Y, aunque vaya en mi detrimento, me permito formular otra pregunta: “¿Es posible que Dios tolere algunos males a corto plazo en beneficio de bienes a largo plazo, algo que como ser finito no puedo comprender?”
El sufrimiento: ¿un bien a largo plazo?
Peter Kreeft, un profesor de filosofía, presenta una analogía de un dolor a corto plazo que conduce a un bien a largo plazo: “Imaginemos a un oso atrapado y un cazador que desea liberarlo. Trata de ganar su confianza pero no lo logra, por lo tanto, no tiene más remedio que dispararle dardos con drogas. Sin embargo, el oso considera que el cazador lo ataca y que lo quiere matar. No entiende que lo hace por compasión. “Entonces, para liberar al oso de la trampa, el cazador debe empujarlo aún más para entonces aflojar el resorte. Si el oso estuviera consciente, estaría aún más convencido que el cazador es un enemigo que desea causarle sufrimiento y dolor. Pero estaría equivocado. El oso llega a una conclusión incorrecta porque no es humano”.1
¿Podría ser ésta una analogía de Dios y nosotros?

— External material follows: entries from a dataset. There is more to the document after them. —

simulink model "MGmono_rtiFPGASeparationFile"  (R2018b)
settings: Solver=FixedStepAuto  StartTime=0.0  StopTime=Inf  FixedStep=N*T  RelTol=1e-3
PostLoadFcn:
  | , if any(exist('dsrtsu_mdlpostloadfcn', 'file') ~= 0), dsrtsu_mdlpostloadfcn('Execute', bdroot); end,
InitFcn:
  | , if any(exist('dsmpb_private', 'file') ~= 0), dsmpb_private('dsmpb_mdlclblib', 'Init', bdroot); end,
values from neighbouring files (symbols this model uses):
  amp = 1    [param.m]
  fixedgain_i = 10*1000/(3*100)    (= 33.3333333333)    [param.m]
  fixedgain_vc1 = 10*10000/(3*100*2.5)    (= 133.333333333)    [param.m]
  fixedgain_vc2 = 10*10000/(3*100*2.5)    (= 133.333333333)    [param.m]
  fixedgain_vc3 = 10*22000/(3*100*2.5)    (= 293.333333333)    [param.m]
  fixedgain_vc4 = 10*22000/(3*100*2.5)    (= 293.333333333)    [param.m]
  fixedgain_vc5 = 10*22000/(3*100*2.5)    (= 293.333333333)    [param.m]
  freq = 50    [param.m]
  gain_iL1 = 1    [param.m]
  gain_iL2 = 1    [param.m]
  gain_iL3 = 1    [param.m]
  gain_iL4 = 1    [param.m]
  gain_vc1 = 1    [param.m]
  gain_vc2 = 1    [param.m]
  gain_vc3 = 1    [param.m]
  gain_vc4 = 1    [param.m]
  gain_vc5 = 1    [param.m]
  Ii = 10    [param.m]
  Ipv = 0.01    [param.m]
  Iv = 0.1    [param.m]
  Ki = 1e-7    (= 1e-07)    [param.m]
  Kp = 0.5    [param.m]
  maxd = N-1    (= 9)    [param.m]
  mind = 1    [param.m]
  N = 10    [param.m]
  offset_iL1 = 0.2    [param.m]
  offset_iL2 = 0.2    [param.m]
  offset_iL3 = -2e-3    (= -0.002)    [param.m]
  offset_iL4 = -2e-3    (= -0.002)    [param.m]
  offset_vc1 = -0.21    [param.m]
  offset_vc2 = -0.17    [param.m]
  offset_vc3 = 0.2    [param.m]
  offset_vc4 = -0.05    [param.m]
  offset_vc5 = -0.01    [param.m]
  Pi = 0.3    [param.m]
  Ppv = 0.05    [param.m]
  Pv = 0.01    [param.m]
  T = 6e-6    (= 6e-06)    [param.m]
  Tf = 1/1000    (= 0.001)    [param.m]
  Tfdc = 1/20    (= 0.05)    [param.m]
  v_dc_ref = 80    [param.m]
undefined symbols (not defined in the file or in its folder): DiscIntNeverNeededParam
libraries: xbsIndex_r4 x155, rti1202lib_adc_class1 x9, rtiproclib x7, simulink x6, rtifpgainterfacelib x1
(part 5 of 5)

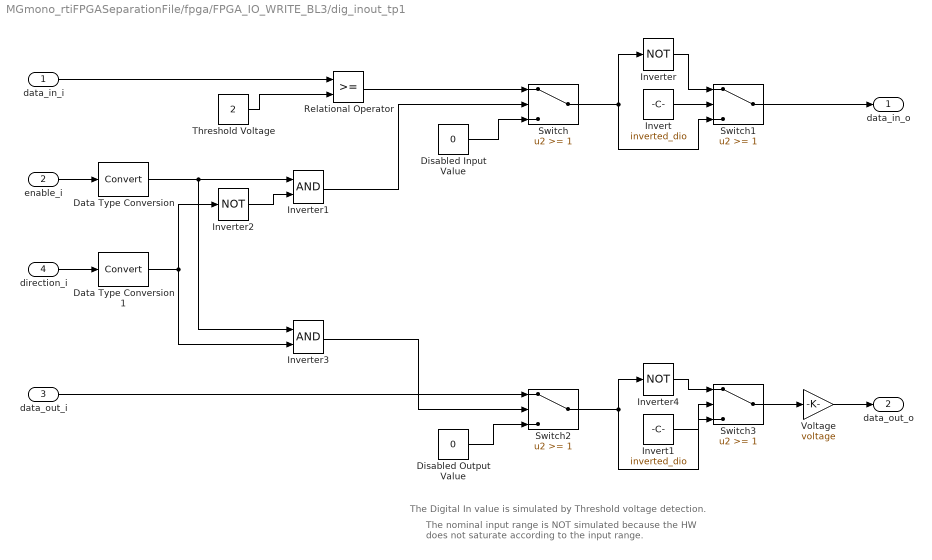
== system MGmono_rtiFPGASeparationFile/fpga/FPGA_IO_WRITE_BL3/dig_inout_tp1 ==
  note: The nominal input range is NOT simulated because
      | the HW does not saturate according to the input range.
  note: The Digital In value is simulated by Threshold voltage detection.
  data_in_i : Inport
  enable_i : Inport  Port=2
  data_out_i : Inport  Port=3
  direction_i : Inport  Port=4
  Data Type Conversion : DataTypeConversion
  Data Type Conversion1 : DataTypeConversion
  Disabled Input Value : Constant  Value=0
  Disabled Output Value : Constant  Value=0
  Invert : Constant  Value=inverted_dio
  Invert1 : Constant  Value=inverted_dio
  Inverter : Logic  Operator=NOT  AllPortsSameDT=off  OutDataTypeStr=boolean
  Inverter1 : Logic  AllPortsSameDT=off  OutDataTypeStr=boolean
  Inverter2 : Logic  Operator=NOT  AllPortsSameDT=off  OutDataTypeStr=boolean
  Inverter3 : Logic  AllPortsSameDT=off  OutDataTypeStr=boolean
  Inverter4 : Logic  Operator=NOT  AllPortsSameDT=off  OutDataTypeStr=boolean
  Relational Operator : RelationalOperator  OutDataTypeStr=boolean  RndMeth=Nearest
  Switch{,1..3} (4 alike) : Switch  Threshold=1
  Threshold Voltage : Constant  Value=2
  Voltage : Gain  Gain=voltage  ParamDataTypeStr=float('double')
  data_in_o : Outport
  data_out_o : Outport  Port=2
  wires:
  Voltage/1 -> data_out_o/1
  Data Type Conversion1/1 -> Inverter3/2, Inverter2/1
  Data Type Conversion/1 -> Inverter3/1, Inverter1/1
  Switch3/1 -> Voltage/1
  Switch2/1 -> Switch3/3, Inverter4/1
  Inverter4/1 -> Switch3/1
  Invert1/1 -> Switch3/2
  data_out_i/1 -> Switch2/1
  Inverter3/1 -> Switch2/2
  Disabled Output Value/1 -> Switch2/3
  Inverter2/1 -> Inverter1/2
  direction_i/1 -> Data Type Conversion1/1
  Inverter1/1 -> Switch/2
  enable_i/1 -> Data Type Conversion/1
  Switch/1 -> Switch1/3, Inverter/1
  Relational Operator/1 -> Switch/1
  Inverter/1 -> Switch1/1
  Invert/1 -> Switch1/2
  Switch1/1 -> data_in_o/1
  Disabled Input Value/1 -> Switch/3
  Threshold Voltage/1 -> Relational Operator/2
  data_in_i/1 -> Relational Operator/1

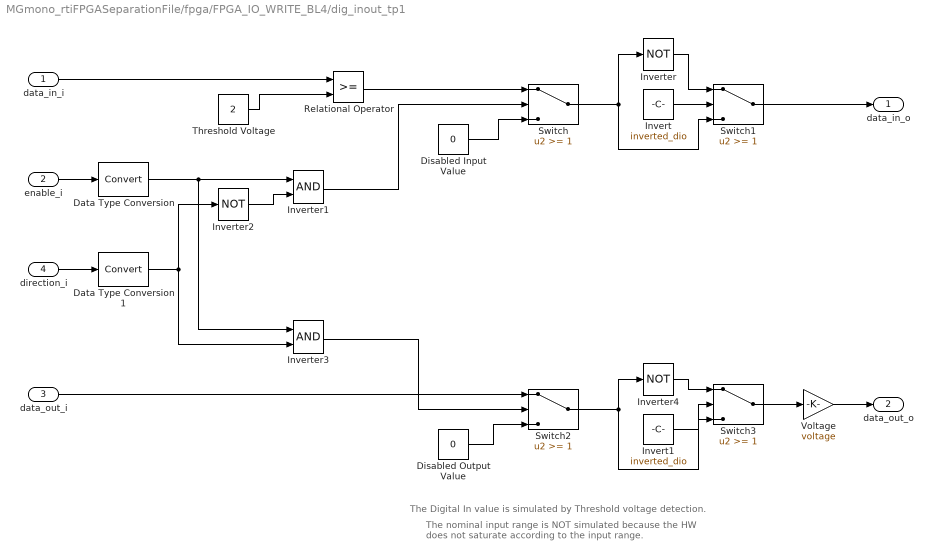
== system MGmono_rtiFPGASeparationFile/fpga/FPGA_IO_WRITE_BL4/dig_inout_tp1 ==
  note: The nominal input range is NOT simulated because
      | the HW does not saturate according to the input range.
  note: The Digital In value is simulated by Threshold voltage detection.
  data_in_i : Inport
  enable_i : Inport  Port=2
  data_out_i : Inport  Port=3
  direction_i : Inport  Port=4
  Data Type Conversion : DataTypeConversion
  Data Type Conversion1 : DataTypeConversion
  Disabled Input Value : Constant  Value=0
  Disabled Output Value : Constant  Value=0
  Invert : Constant  Value=inverted_dio
  Invert1 : Constant  Value=inverted_dio
  Inverter : Logic  Operator=NOT  AllPortsSameDT=off  OutDataTypeStr=boolean
  Inverter1 : Logic  AllPortsSameDT=off  OutDataTypeStr=boolean
  Inverter2 : Logic  Operator=NOT  AllPortsSameDT=off  OutDataTypeStr=boolean
  Inverter3 : Logic  AllPortsSameDT=off  OutDataTypeStr=boolean
  Inverter4 : Logic  Operator=NOT  AllPortsSameDT=off  OutDataTypeStr=boolean
  Relational Operator : RelationalOperator  OutDataTypeStr=boolean  RndMeth=Nearest
  Switch{,1..3} (4 alike) : Switch  Threshold=1
  Threshold Voltage : Constant  Value=2
  Voltage : Gain  Gain=voltage  ParamDataTypeStr=float('double')
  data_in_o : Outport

La pregunta permanece: “¿Cómo puede un Dios todopoderoso, omnisciente y amante, tolerar un mal tan difundido, persistente e incomprensible?” Reflexionemos en lo que afirma Kreeft. Dios nos ha mostrado cómo funciona este principio. Nos ha demostrado que el peor suceso de la historia humana produjo el mejor suceso de la historia, a saber, la muerte de Cristo en la cruz. En su momento, nadie pensó que traería un buen resultado. Pero Dios conocía el resultado glorioso que ningún humano fue capaz de predecir. Y si pasó allí, ¿por qué no podría suceder también en nuestras vidas?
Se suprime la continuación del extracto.